We now turn to crucial efficiency considerations related to recursion. This section is just a brief and incomplete overview, but it should give you the necessary concepts to learn more on your own if you want to.
The following functions gcd and fact, while similar in structure at first sight, have actually very different execution profiles:
(define (gcd a b) (if (zero? b) a (gcd b (modulo a b)))) (define (fact n) (if (zero? n) 1 (* n (fact (- n 1)))))
(gcd 14 21) ↦ (gcd 21 14) ↦ (gcd 14 7) ↦ (gcd 7 0) ↦ 7
(fact 4) ↦ (* 4 (fact 3)) ↦ (* 4 (* 3 (fact 2))) ↦ (* 4 (* 3 (* 2 (fact 1)))) ↦ (* 4 (* 3 (* 2 (* 1 (fact 0))))) ↦ (* 4 (* 3 (* 2 (* 1 1)))) ↦ (* 4 (* 3 (* 2 1))) ↦ (* 4 (* 3 2)) ↦ (* 4 6) ↦ 24
The main difference between both functions above is that the recursive call to gcd in its body occurs in tail position, ie. as the last thing to do. In the body of fact, the recursive call occurs in argument position of the multiplication. A call in tail position is called a tail call. If the tail call is a recursive call, then it is a tail recursive call. A recursive function where all recursive calls are in tail position is tail recursive.
Exercise: Look at the interpreter. Is it a tail recursive function?
While common knowledge is that any function call requires allocating a new stack frame, if a call is in tail position, we can reuse the same stack frame by just overriding the local variables. This observation yields two important optimizations.
Tail Recursion Optimization (TRO) is the optimization that consists in recognizing recursive calls that are in tail position, and replacing them with jumps. For gcd, this means that we can just compile the recursive call to a jump to the beginning of the body, provided we override a and b with the new values. TRO is usually simple to do because it is a local optimization: one can analyze a function in isolation and perform the optimization.
Tail Call Optimization (TCO) is a more general optimization that consists in optimizing not only direct recursive calls, but any call that happens to be in tail position. This is important because some recursive executions occur indirectly, through a chain of function applications. This happens naturally when coding state machines (with cycles that involve several states), or even simple design patterns. Think of the composite design pattern in object-oriented programming. TCO is more complex to implement because it deals with different calls, hence different sizes of stack frames. It is not a simple local transformation.
Supporting TCO or not is typically not a property of a language, but of a particular language implementation. One notable exception to this is Scheme, for which the language specification imposes TCO. That is, to be a legal Scheme implementation, TCO must be supported.

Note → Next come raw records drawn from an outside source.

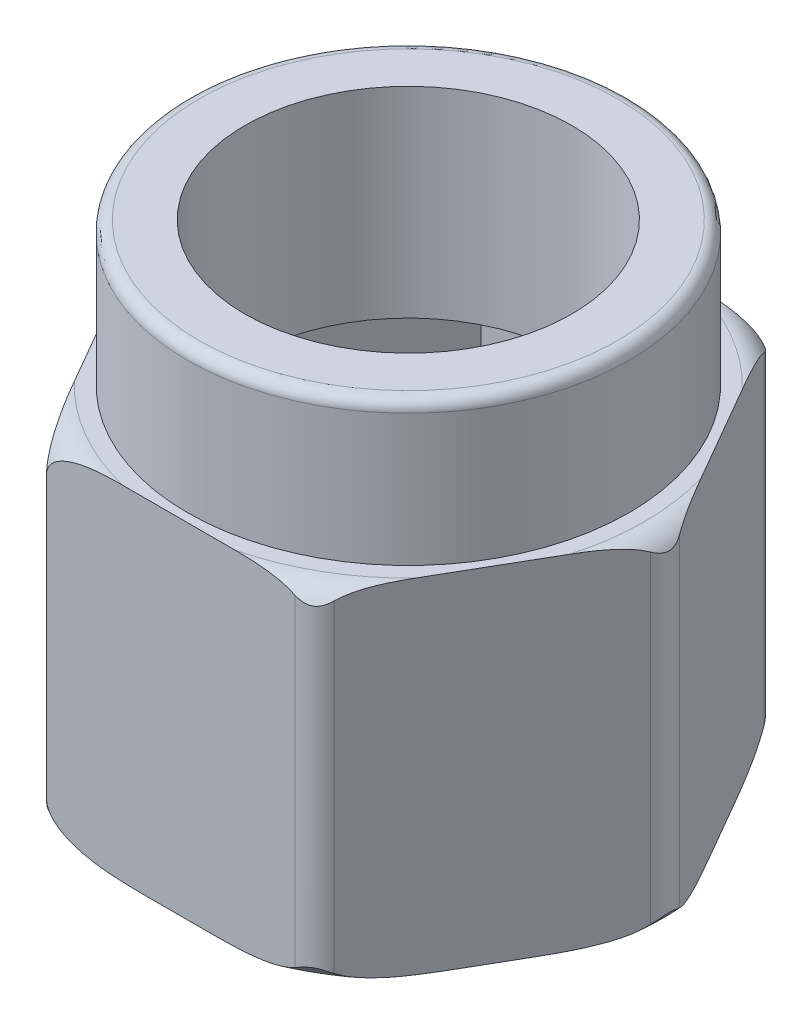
ISO-10303-21;
HEADER;
FILE_DESCRIPTION(('STEP AP214'),'2;1');
FILE_NAME('part.step','',(''),(''),'','','');
FILE_SCHEMA(('AUTOMOTIVE_DESIGN { 1 0 10303 214 1 1 1 1 }'));
ENDSEC;
DATA;
#1=APPLICATION_CONTEXT('core data for automotive mechanical design processes');
#2=APPLICATION_PROTOCOL_DEFINITION('international standard','automotive_design',2000,#1);
#3=PRODUCT_CONTEXT('',#1,'mechanical');
#4=PRODUCT('Part','Part','',(#3));
#5=PRODUCT_RELATED_PRODUCT_CATEGORY('part','',(#4));
#6=PRODUCT_DEFINITION_FORMATION('','',#4);
#7=PRODUCT_DEFINITION_CONTEXT('part definition',#1,'design');
#8=PRODUCT_DEFINITION('design','',#6,#7);
#9=PRODUCT_DEFINITION_SHAPE('','',#8);
#10=(LENGTH_UNIT() NAMED_UNIT(*) SI_UNIT(.MILLI.,.METRE.));
#11=(NAMED_UNIT(*) PLANE_ANGLE_UNIT() SI_UNIT($,.RADIAN.));
#12=(NAMED_UNIT(*) SI_UNIT($,.STERADIAN.) SOLID_ANGLE_UNIT());
#13=UNCERTAINTY_MEASURE_WITH_UNIT(LENGTH_MEASURE(1.E-05),#10,'distance_accuracy_value','');
#14=(GEOMETRIC_REPRESENTATION_CONTEXT(3) GLOBAL_UNCERTAINTY_ASSIGNED_CONTEXT((#13)) GLOBAL_UNIT_ASSIGNED_CONTEXT((#10,
#11,#12)) REPRESENTATION_CONTEXT('',''));
#15=CARTESIAN_POINT('',(0.,0.,0.));
#16=DIRECTION('',(0.,0.,1.));
#17=DIRECTION('',(1.,0.,0.));
#18=AXIS2_PLACEMENT_3D('',#15,#16,#17);
#19=CARTESIAN_POINT('',(0.,1.,0.));
#20=DIRECTION('',(0.,1.,0.));
#21=DIRECTION('',(0.,0.,1.));
#22=AXIS2_PLACEMENT_3D('',#19,#20,#21);
#23=PLANE('',#22);
#24=DIRECTION('',(0.5,0.,-0.866025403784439));
#25=VECTOR('',#24,1.);
#26=CARTESIAN_POINT('',(-1.44337567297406,1.,-3.5));
#27=LINE('',#26,#25);
#28=CARTESIAN_POINT('',(-3.46410161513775,1.,0.));
#29=VERTEX_POINT('',#28);
#30=CARTESIAN_POINT('',(-1.73205080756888,1.,-3.));
#31=VERTEX_POINT('',#30);
#32=EDGE_CURVE('E1213',#29,#31,#27,.T.);
#33=ORIENTED_EDGE('',*,*,#32,.F.);
#34=DIRECTION('',(-0.5,0.,-0.866025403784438));
#35=VECTOR('',#34,1.);
#36=CARTESIAN_POINT('',(-3.75277674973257,1.,-0.499999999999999));
#37=LINE('',#36,#35);
#38=CARTESIAN_POINT('',(-1.73205080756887,1.,3.));
#39=VERTEX_POINT('',#38);
#40=EDGE_CURVE('E1216',#39,#29,#37,.T.);
#41=ORIENTED_EDGE('',*,*,#40,.F.);
#42=DIRECTION('',(-1.,0.,0.));
#43=VECTOR('',#42,1.);
#44=CARTESIAN_POINT('',(-2.3094010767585,1.,3.));
#45=LINE('',#44,#43);
#46=CARTESIAN_POINT('',(1.73205080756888,1.,3.));
#47=VERTEX_POINT('',#46);
#48=EDGE_CURVE('E554',#47,#39,#45,.T.);
#49=ORIENTED_EDGE('',*,*,#48,.F.);
#50=DIRECTION('',(-0.5,0.,0.866025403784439));
#51=VECTOR('',#50,1.);
#52=CARTESIAN_POINT('',(1.44337567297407,1.,3.5));
#53=LINE('',#52,#51);
#54=CARTESIAN_POINT('',(3.46410161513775,1.,0.));
#55=VERTEX_POINT('',#54);
#56=EDGE_CURVE('E1248',#55,#47,#53,.T.);
#57=ORIENTED_EDGE('',*,*,#56,.F.);
#58=DIRECTION('',(0.5,0.,0.866025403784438));
#59=VECTOR('',#58,1.);
#60=CARTESIAN_POINT('',(3.75277674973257,1.,0.499999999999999));
#61=LINE('',#60,#59);
#62=CARTESIAN_POINT('',(1.73205080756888,1.,-3.));
#63=VERTEX_POINT('',#62);
#64=EDGE_CURVE('E1245',#63,#55,#61,.T.);
#65=ORIENTED_EDGE('',*,*,#64,.F.);
#66=DIRECTION('',(1.,0.,0.));
#67=VECTOR('',#66,1.);
#68=CARTESIAN_POINT('',(2.3094010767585,1.,-3.));
#69=LINE('',#68,#67);
#70=EDGE_CURVE('E1218',#31,#63,#69,.T.);
#71=ORIENTED_EDGE('',*,*,#70,.F.);
#72=EDGE_LOOP('',(#33,#41,#49,#57,#65,#71));
#73=FACE_BOUND('',#72,.T.);
#74=ADVANCED_FACE('F18',(#73),#23,.T.);
#75=CARTESIAN_POINT('',(-2.3094010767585,6.,3.));
#76=DIRECTION('',(0.,0.,-1.));
#77=DIRECTION('',(-1.,0.,0.));
#78=AXIS2_PLACEMENT_3D('',#75,#76,#77);
#79=PLANE('',#78);
#80=DIRECTION('',(1.,0.,0.));
#81=VECTOR('',#80,1.);
#82=CARTESIAN_POINT('',(0.,5.,3.));
#83=LINE('',#82,#81);
#84=CARTESIAN_POINT('',(-1.73205080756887,5.,3.));
#85=VERTEX_POINT('',#84);
#86=CARTESIAN_POINT('',(1.73205080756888,5.,3.));
#87=VERTEX_POINT('',#86);
#88=EDGE_CURVE('E1229',#85,#87,#83,.T.);
#89=ORIENTED_EDGE('',*,*,#88,.T.);
#90=DIRECTION('',(0.,1.,0.));
#91=VECTOR('',#90,1.);
#92=CARTESIAN_POINT('',(1.73205080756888,6.,3.));
#93=LINE('',#92,#91);
#94=EDGE_CURVE('E1247',#47,#87,#93,.T.);
#95=ORIENTED_EDGE('',*,*,#94,.F.);
#96=ORIENTED_EDGE('',*,*,#48,.T.);
#97=DIRECTION('',(0.,1.,0.));
#98=VECTOR('',#97,1.);
#99=CARTESIAN_POINT('',(-1.73205080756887,6.,3.));
#100=LINE('',#99,#98);
#101=EDGE_CURVE('E1234',#85,#39,#100,.F.);
#102=ORIENTED_EDGE('',*,*,#101,.F.);
#103=EDGE_LOOP('',(#89,#95,#96,#102));
#104=FACE_BOUND('',#103,.T.);
#105=ADVANCED_FACE('F1184',(#104),#79,.T.);
#106=CARTESIAN_POINT('',(1.44337567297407,6.,3.5));
#107=DIRECTION('',(-0.866025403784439,0.,-0.5));
#108=DIRECTION('',(-0.5,0.,0.866025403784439));
#109=AXIS2_PLACEMENT_3D('',#106,#107,#108);
#110=PLANE('',#109);
#111=ORIENTED_EDGE('',*,*,#56,.T.);
#112=ORIENTED_EDGE('',*,*,#94,.T.);
#113=DIRECTION('',(0.5,0.,-0.866025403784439));
#114=VECTOR('',#113,1.);
#115=CARTESIAN_POINT('',(1.73205080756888,5.,3.));
#116=LINE('',#115,#114);
#117=CARTESIAN_POINT('',(3.46410161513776,5.,0.));
#118=VERTEX_POINT('',#117);
#119=EDGE_CURVE('E1232',#87,#118,#116,.T.);
#120=ORIENTED_EDGE('',*,*,#119,.T.);
#121=DIRECTION('',(0.,1.,0.));
#122=VECTOR('',#121,1.);
#123=CARTESIAN_POINT('',(3.46410161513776,6.,0.));
#124=LINE('',#123,#122);
#125=EDGE_CURVE('E1243',#55,#118,#124,.T.);
#126=ORIENTED_EDGE('',*,*,#125,.F.);
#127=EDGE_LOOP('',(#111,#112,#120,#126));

One of the main arguments against TCO is that it blurs the call stack, making certain forms of debugging and reflection not applicable. For preserving debugging, the simple solution (which Racket does as well) is simply to not perform TCO when the program is run in debug mode. For reflection, that is, the ability to observe the execution stack at runtime, there are alternative options, like continuation marks (developed by John Clements in his PhD thesis, also supported in Racket), which permit a tradeoff between no TCO and full TCO, preserving only specific information across tail calls.
There exist libraries to introduce support for TRO and/or TCO in several of these OO languages, for instance TCO for Python. Rubby also seems to have a compiler flag to activate TCO. Note that the Racket class system fully supports TCO out-of-the-box, while being an impressively expressive and principled object-oriented language with first-class classes.
Scala supports TRO as a local compiler optimization out-of-the-box, and even provides an annotation tailrec so that programmers can specify that they intend their function to be tail recursive. If they make a mistake and write a recursive function that is not tail recursive, the compiler reports an error identifying the recursive call that is not in tail position. See tail recursion optimization in Scala vs Java for some details and illustrations.
This blog post has nice little drawings to illustrate what a trampoline is. But you can appeal to your imagination: when jumping on a trampoline, you can virtually "go up" as long a distance as you want, without ever going beyond the atmosphere. It might just take you a lot of time and a lot of little jumps. Similarly, the trampoline pattern cuts down a (possibly infinite) chain of calls in a sequence of small steps, each time either returning a function that encapsulates the rest of the work to be done, or a marker to say that one is done.
Here is a very simple trampoline implementation, in Racket (of course, that’s useless in Racket since TCO is already supported ☺).
(deftype TailCall (call rest) (done val)) (define (result tc) (match tc [(done val) val] [(call rest) (result (rest))]))
The following shows how to modify mutually-recursive functions to use the trampoline framework:
(define (even n) (match n [0 (done #t)] [1 (done #f)] [else (call (λ () (odd (sub1 n))))])) (define (odd n) (match n [0 (done #f)] [1 (done #t)] [else (call (λ () (even (sub1 n))))]))
Calling (even 1000102278) only produces a promise to do the job. Executing (result (even 1000102278)) triggers the recursive processing, and eventually produces the final value, while consuming a fixed stack space.